There is one limit signal for each axis. This signal is split to two pins for connecting two limit switches for each axis. The pins are Ground, then 2 Limit signals. This configuration is typical for connecting passive 2 pin mechanical switches, where the switch simply connect the signal pin to ground.

Spindle and Control Connections

Spindle Control Inputs (15):

1. Coolant Flood Output to coolant control.
2. Coolant Mist Output to coolant control.
3. Spindle Enable Output to spindle motor driver.
4. Spindle Direction Output to spindle motor driver.
5. Spindle PWM Output (0 to 5V) to spindle motor driver. Also used for PWM control of Laser cutter/engraver.

Probe Input (16):

1. Input from touch probe.

Spindle/Laser Outputs (17):

1. Control Reset
2. Safety Door
3. Cycle Start
4. Feed Hold
5. Emergency Stop (connects to STM32F103 reset line)

Driver connections, from left to right, axis: Z, Y, X.

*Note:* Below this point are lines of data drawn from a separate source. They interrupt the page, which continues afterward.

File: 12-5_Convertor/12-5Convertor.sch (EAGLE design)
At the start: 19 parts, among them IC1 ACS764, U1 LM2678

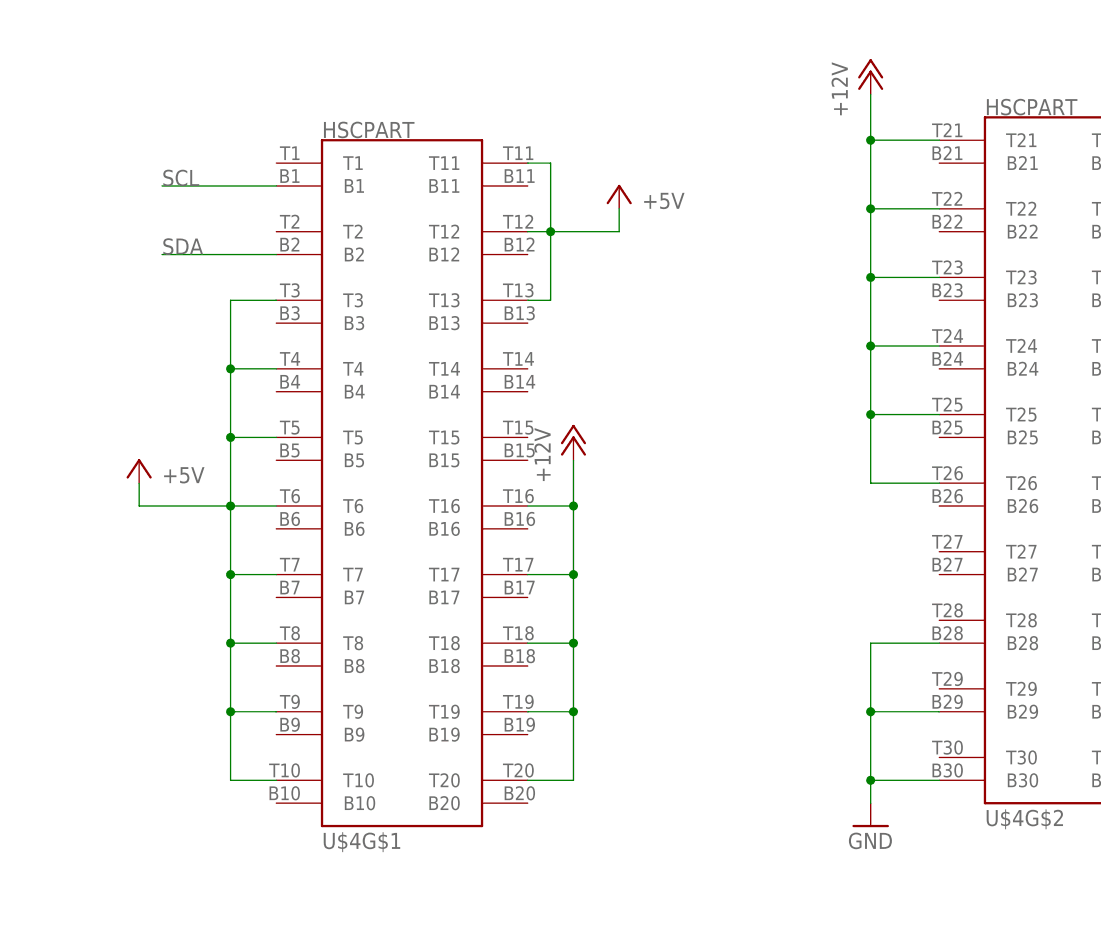
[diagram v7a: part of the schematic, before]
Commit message: Changed the pin order of the backplane connector
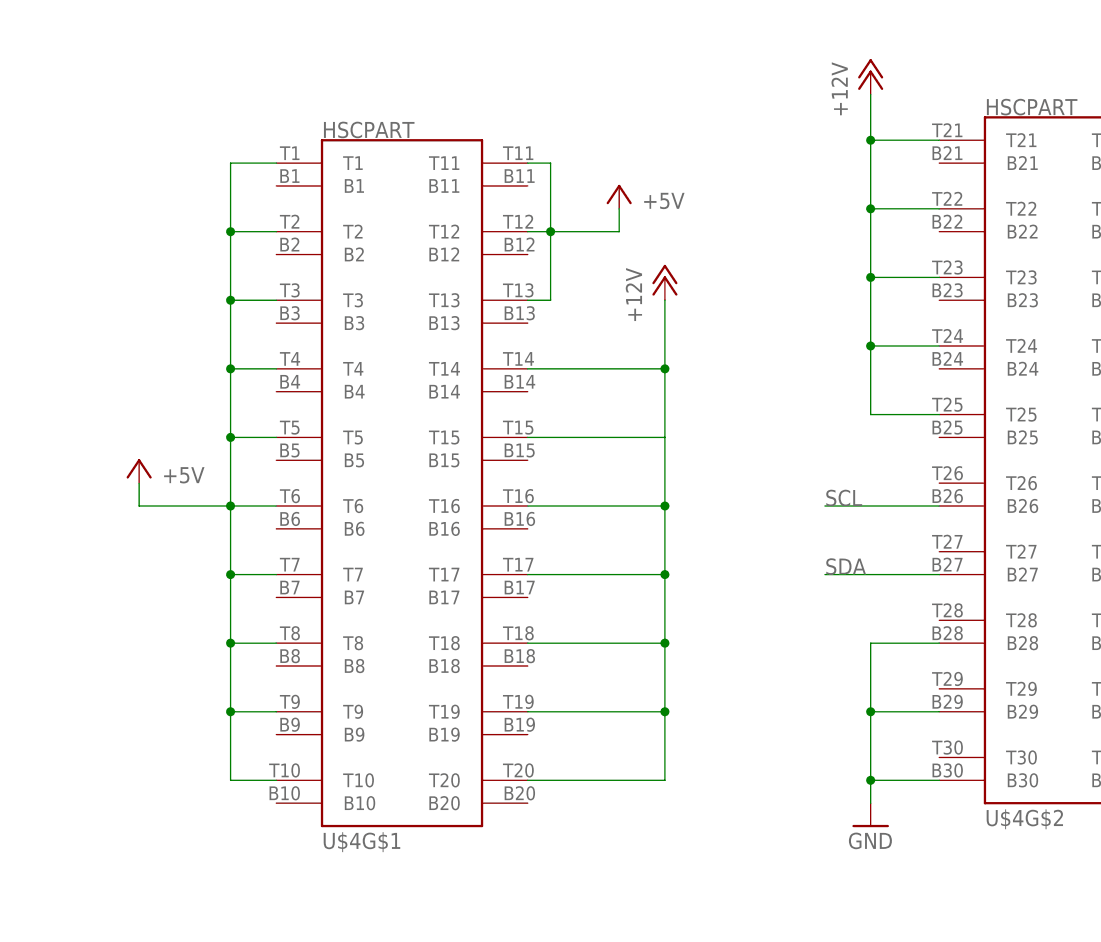
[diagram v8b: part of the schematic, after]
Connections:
- net +12V: now also U$4G$1.T14, U$4G$1.T15; no longer U$4G$2.T26
- net +5V: now also U$4G$1.T1, U$4G$1.T2
- net SCL: now also U$4G$2.B26; no longer U$4G$1.B1
- net SDA: now also U$4G$2.B27; no longer U$4G$1.B2
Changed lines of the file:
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@@
 <?xml version="1.0" encoding="utf-8"?>
 <!DOCTYPE eagle SYSTEM "eagle.dtd">
-<eagle version="7.5.0">
+<eagle version="7.2.0">
 <drawing>
 <settings>
@@
 </instance>
 <instance part="P+6" gate="1" x="271.78" y="203.2"/>
-<instance part="P+7" gate="1" x="238.76" y="162.56"/>
+<instance part="P+7" gate="1" x="248.92" y="180.34"/>
 <instance part="GND4" gate="1" x="271.78" y="119.38" smashed="yes">
 <attribute name="VALUE" x="269.24" y="116.84" size="1.778" layer="96"/>
@@
 <segment>
 <pinref part="U$4" gate="G$1" pin="T16"/>
-<wire x1="233.68" y1="154.94" x2="238.76" y2="154.94" width="0.1524" layer="91"/>
-<wire x1="238.76" y1="154.94" x2="238.76" y2="147.32" width="0.1524" layer="91"/>
+<wire x1="233.68" y1="154.94" x2="248.92" y2="154.94" width="0.1524" layer="91"/>
+<wire x1="248.92" y1="154.94" x2="248.92" y2="147.32" width="0.1524" layer="91"/>
 <pinref part="U$4" gate="G$1" pin="T17"/>
-<wire x1="238.76" y1="147.32" x2="233.68" y2="147.32" width="0.1524" layer="91"/>
-<wire x1="238.76" y1="147.32" x2="238.76" y2="139.7" width="0.1524" layer="91"/>
-<junction x="238.76" y="147.32"/>
+<wire x1="248.92" y1="147.32" x2="233.68" y2="147.32" width="0.1524" layer="91"/>
+<wire x1="248.92" y1="147.32" x2="248.92" y2="139.7" width="0.1524" layer="91"/>
+<junction x="248.92" y="147.32"/>
 <pinref part="U$4" gate="G$1" pin="T18"/>
-<wire x1="238.76" y1="139.7" x2="233.68" y2="139.7" width="0.1524" layer="91"/>
-<wire x1="238.76" y1="139.7" x2="238.76" y2="132.08" width="0.1524" layer="91"/>
-<junction x="238.76" y="139.7"/>
+<wire x1="248.92" y1="139.7" x2="233.68" y2="139.7" width="0.1524" layer="91"/>
+<pinref part="P+7" gate="1" pin="+12V"/>
+<wire x1="248.92" y1="177.8" x2="248.92" y2="170.18" width="0.1524" layer="91"/>
+<junction x="248.92" y="154.94"/>
+<pinref part="U$4" gate="G$1" pin="T14"/>
+<wire x1="248.92" y1="170.18" x2="248.92" y2="162.56" width="0.1524" layer="91"/>
+<wire x1="248.92" y1="162.56" x2="248.92" y2="154.94" width="0.1524" layer="91"/>
+<wire x1="233.68" y1="170.18" x2="248.92" y2="170.18" width="0.1524" layer="91"/>
+<junction x="248.92" y="170.18"/>
+<pinref part="U$4" gate="G$1" pin="T15"/>
+<wire x1="233.68" y1="162.56" x2="248.92" y2="162.56" width="0.1524" layer="91"/>
 <pinref part="U$4" gate="G$1" pin="T19"/>
-<wire x1="238.76" y1="132.08" x2="233.68" y2="132.08" width="0.1524" layer="91"/>
-<wire x1="238.76" y1="132.08" x2="238.76" y2="124.46" width="0.1524" layer="91"/>
-<junction x="238.76" y="132.08"/>
+<wire x1="233.68" y1="132.08" x2="248.92" y2="132.08" width="0.1524" layer="91"/>
+<wire x1="248.92" y1="132.08" x2="248.92" y2="139.7" width="0.1524" layer="91"/>
+<junction x="248.92" y="139.7"/>
 <pinref part="U$4" gate="G$1" pin="T20"/>
-<wire x1="238.76" y1="124.46" x2="233.68" y2="124.46" width="0.1524" layer="91"/>
-<pinref part="P+7" gate="1" pin="+12V"/>
-<wire x1="238.76" y1="160.02" x2="238.76" y2="154.94" width="0.1524" layer="91"/>
-<junction x="238.76" y="154.94"/>
+<wire x1="233.68" y1="124.46" x2="248.92" y2="124.46" width="0.1524" layer="91"/>
+<wire x1="248.92" y1="124.46" x2="248.92" y2="132.08" width="0.1524" layer="91"/>
+<junction x="248.92" y="132.08"/>
 </segment>
 <segment>
@@
 <pinref part="U$4" gate="G$2" pin="T25"/>
 <wire x1="271.78" y1="165.1" x2="279.4" y2="165.1" width="0.1524" layer="91"/>
-<wire x1="271.78" y1="165.1" x2="271.78" y2="157.48" width="0.1524" layer="91"/>
-<junction x="271.78" y="165.1"/>
-<pinref part="U$4" gate="G$2" pin="T26"/>
-<wire x1="271.78" y1="157.48" x2="279.4" y2="157.48" width="0.1524" layer="91"/>
 <pinref part="P+6" gate="1" pin="+12V"/>
 <wire x1="271.78" y1="200.66" x2="271.78" y2="195.58" width="0.1524" layer="91"/>
@@
 <pinref part="P+5" gate="1" pin="+5V"/>
 <wire x1="190.5" y1="154.94" x2="190.5" y2="157.48" width="0.1524" layer="91"/>
+<wire x1="200.66" y1="177.8" x2="200.66" y2="185.42" width="0.1524" layer="91"/>
+<junction x="200.66" y="177.8"/>
+<pinref part="U$4" gate="G$1" pin="T2"/>
+<wire x1="200.66" y1="185.42" x2="205.74" y2="185.42" width="0.1524" layer="91"/>
+<wire x1="200.66" y1="185.42" x2="200.66" y2="193.04" width="0.1524" layer="91"/>
+<junction x="200.66" y="185.42"/>
+<pinref part="U$4" gate="G$1" pin="T1"/>
+<wire x1="200.66" y1="193.04" x2="205.74" y2="193.04" width="0.1524" layer="91"/>
 </segment>
 <segment>
@@
 <net name="SCL" class="0">
 <segment>
-<pinref part="U$4" gate="G$1" pin="B1"/>
-<wire x1="205.74" y1="190.5" x2="193.04" y2="190.5" width="0.1524" layer="91"/>
-<label x="193.04" y="190.5" size="1.778" layer="95"/>
-</segment>
-<segment>
 <pinref part="IC1" gate="G$1" pin="SCL"/>
 <wire x1="60.96" y1="129.54" x2="53.34" y2="129.54" width="0.1524" layer="91"/>
 <label x="53.34" y="129.54" size="1.778" layer="95"/>
 </segment>
+<segment>
+<pinref part="U$4" gate="G$2" pin="B26"/>
+<wire x1="279.4" y1="154.94" x2="266.7" y2="154.94" width="0.1524" layer="91"/>
+<label x="266.7" y="154.94" size="1.778" layer="95"/>
+</segment>
 </net>
 <net name="SDA" class="0">
-<segment>
-<pinref part="U$4" gate="G$1" pin="B2"/>
-<wire x1="205.74" y1="182.88" x2="193.04" y2="182.88" width="0.1524" layer="91"/>
-<label x="193.04" y="182.88" size="1.778" layer="95"/>
-</segment>
 <segment>
 <pinref part="IC1" gate="G$1" pin="SDA"/>
@@
 <label x="53.34" y="132.08" size="1.778" layer="95"/>
 </segment>
-</net>
+<segment>
+<pinref part="U$4" gate="G$2" pin="B27"/>
+<wire x1="279.4" y1="147.32" x2="266.7" y2="147.32" width="0.1524" layer="91"/>
+<label x="266.7" y="147.32" size="1.778" layer="95"/>
+</segment>
+</net>

These are Pololu-style connectors. Notice the orientation warning as the wrong orientation will damage your driver. Look for the EN and DIR pin labels on the driver and match them to the board labels. In this example, and ED1 External Driver Jumper board is mounted for Z. X and Y have the popular DRV8825 mounted.

Motor connections. For each axis, connect the 4 screw connector pins (L to R): 2B 2A 1A 1B to the corresponding wires of the bipolar stepper motor. If the External Driver Jumper board is used,  the 4 screw connector pins are now ENABLE, STEP, DIRECTION, GROUND.